- TASK DIRECTIONS:
Which lines below hold the word "functional"? Report each one.
───── GIVEN RECORDS ─────
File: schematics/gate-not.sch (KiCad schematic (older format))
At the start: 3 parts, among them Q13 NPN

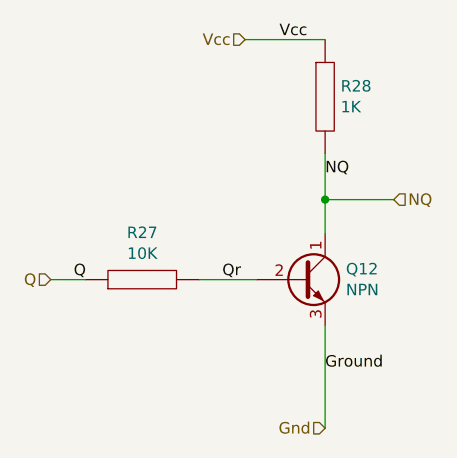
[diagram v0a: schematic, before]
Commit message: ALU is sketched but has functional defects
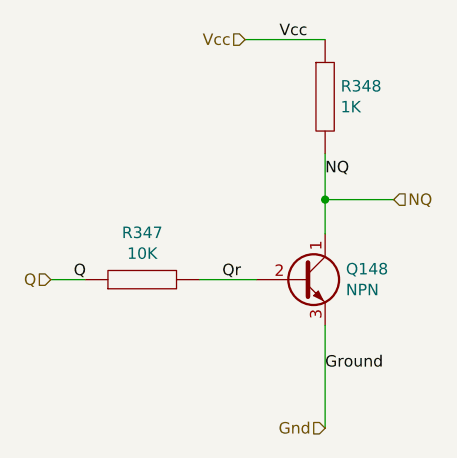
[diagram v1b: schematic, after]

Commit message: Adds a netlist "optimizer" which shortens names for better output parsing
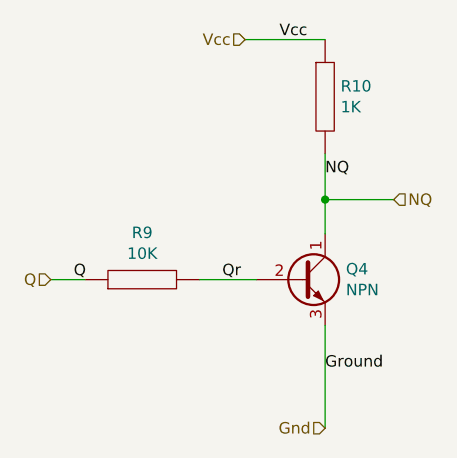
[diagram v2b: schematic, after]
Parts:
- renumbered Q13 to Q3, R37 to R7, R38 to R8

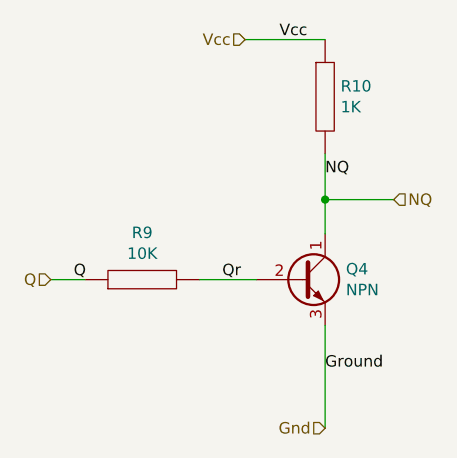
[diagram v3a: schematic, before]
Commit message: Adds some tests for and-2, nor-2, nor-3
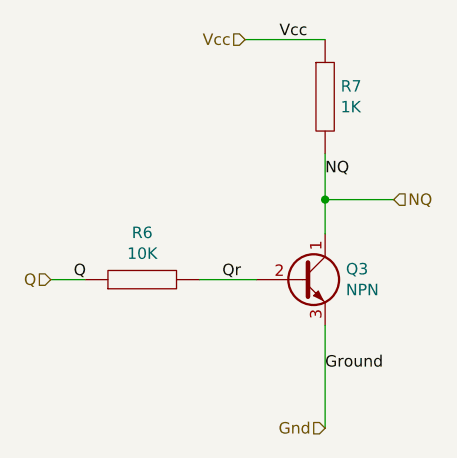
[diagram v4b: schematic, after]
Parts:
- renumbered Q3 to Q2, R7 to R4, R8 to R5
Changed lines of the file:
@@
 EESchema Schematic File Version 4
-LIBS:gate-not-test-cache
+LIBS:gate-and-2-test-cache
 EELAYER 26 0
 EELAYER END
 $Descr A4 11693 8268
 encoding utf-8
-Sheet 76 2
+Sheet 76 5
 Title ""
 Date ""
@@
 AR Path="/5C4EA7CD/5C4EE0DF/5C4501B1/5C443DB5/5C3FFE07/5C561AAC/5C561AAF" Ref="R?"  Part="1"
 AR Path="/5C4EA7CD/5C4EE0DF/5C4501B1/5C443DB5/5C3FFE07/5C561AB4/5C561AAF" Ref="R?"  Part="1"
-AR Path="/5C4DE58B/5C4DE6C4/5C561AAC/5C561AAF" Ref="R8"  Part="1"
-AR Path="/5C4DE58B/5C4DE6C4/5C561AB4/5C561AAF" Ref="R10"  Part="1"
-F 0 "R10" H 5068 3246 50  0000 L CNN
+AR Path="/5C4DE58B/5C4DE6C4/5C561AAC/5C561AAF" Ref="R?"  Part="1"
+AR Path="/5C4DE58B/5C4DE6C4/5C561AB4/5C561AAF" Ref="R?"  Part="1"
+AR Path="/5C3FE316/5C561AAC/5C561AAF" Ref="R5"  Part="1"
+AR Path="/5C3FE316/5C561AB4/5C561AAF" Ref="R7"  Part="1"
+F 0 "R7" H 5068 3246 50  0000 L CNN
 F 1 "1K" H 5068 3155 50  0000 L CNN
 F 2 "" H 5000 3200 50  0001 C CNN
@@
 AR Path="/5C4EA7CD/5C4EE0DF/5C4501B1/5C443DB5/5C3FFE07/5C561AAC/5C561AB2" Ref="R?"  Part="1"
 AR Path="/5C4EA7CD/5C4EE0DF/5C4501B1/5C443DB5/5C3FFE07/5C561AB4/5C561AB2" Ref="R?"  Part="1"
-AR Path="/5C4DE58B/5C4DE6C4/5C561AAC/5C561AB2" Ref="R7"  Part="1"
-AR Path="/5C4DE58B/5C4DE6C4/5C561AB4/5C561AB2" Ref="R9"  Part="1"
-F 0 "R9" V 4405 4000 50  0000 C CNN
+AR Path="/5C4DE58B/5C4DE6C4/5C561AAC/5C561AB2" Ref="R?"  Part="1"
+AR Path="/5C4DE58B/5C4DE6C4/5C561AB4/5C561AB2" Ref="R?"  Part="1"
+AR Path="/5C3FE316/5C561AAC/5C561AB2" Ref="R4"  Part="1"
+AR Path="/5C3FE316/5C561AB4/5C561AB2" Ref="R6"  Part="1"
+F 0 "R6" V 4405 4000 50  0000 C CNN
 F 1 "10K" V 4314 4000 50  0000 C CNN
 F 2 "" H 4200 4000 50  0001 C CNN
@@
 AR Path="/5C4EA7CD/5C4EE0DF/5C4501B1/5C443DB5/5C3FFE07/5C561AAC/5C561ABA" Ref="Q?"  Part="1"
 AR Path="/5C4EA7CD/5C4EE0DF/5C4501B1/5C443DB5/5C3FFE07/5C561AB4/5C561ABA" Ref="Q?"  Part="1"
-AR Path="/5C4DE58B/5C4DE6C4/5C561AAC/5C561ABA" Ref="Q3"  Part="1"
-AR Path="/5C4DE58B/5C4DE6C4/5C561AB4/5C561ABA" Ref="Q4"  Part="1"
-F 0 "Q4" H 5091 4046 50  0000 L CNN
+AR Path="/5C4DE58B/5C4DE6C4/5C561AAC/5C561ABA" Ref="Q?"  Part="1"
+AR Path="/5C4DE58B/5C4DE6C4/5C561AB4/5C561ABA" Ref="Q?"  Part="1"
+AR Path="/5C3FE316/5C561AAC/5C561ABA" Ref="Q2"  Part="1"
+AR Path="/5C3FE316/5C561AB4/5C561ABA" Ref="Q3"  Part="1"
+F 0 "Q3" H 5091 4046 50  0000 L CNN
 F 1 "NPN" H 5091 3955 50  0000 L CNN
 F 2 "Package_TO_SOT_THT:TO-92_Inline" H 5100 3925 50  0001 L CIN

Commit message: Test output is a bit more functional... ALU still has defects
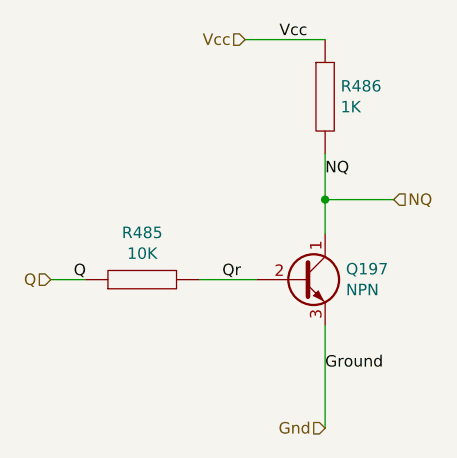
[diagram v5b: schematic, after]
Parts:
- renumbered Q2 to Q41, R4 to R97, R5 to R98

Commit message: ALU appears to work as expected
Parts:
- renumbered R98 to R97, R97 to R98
─────
- RESPONSE BOX:
Commit message: ALU is sketched but has functional defects
Commit message: Test output is a bit more functional... ALU still has defects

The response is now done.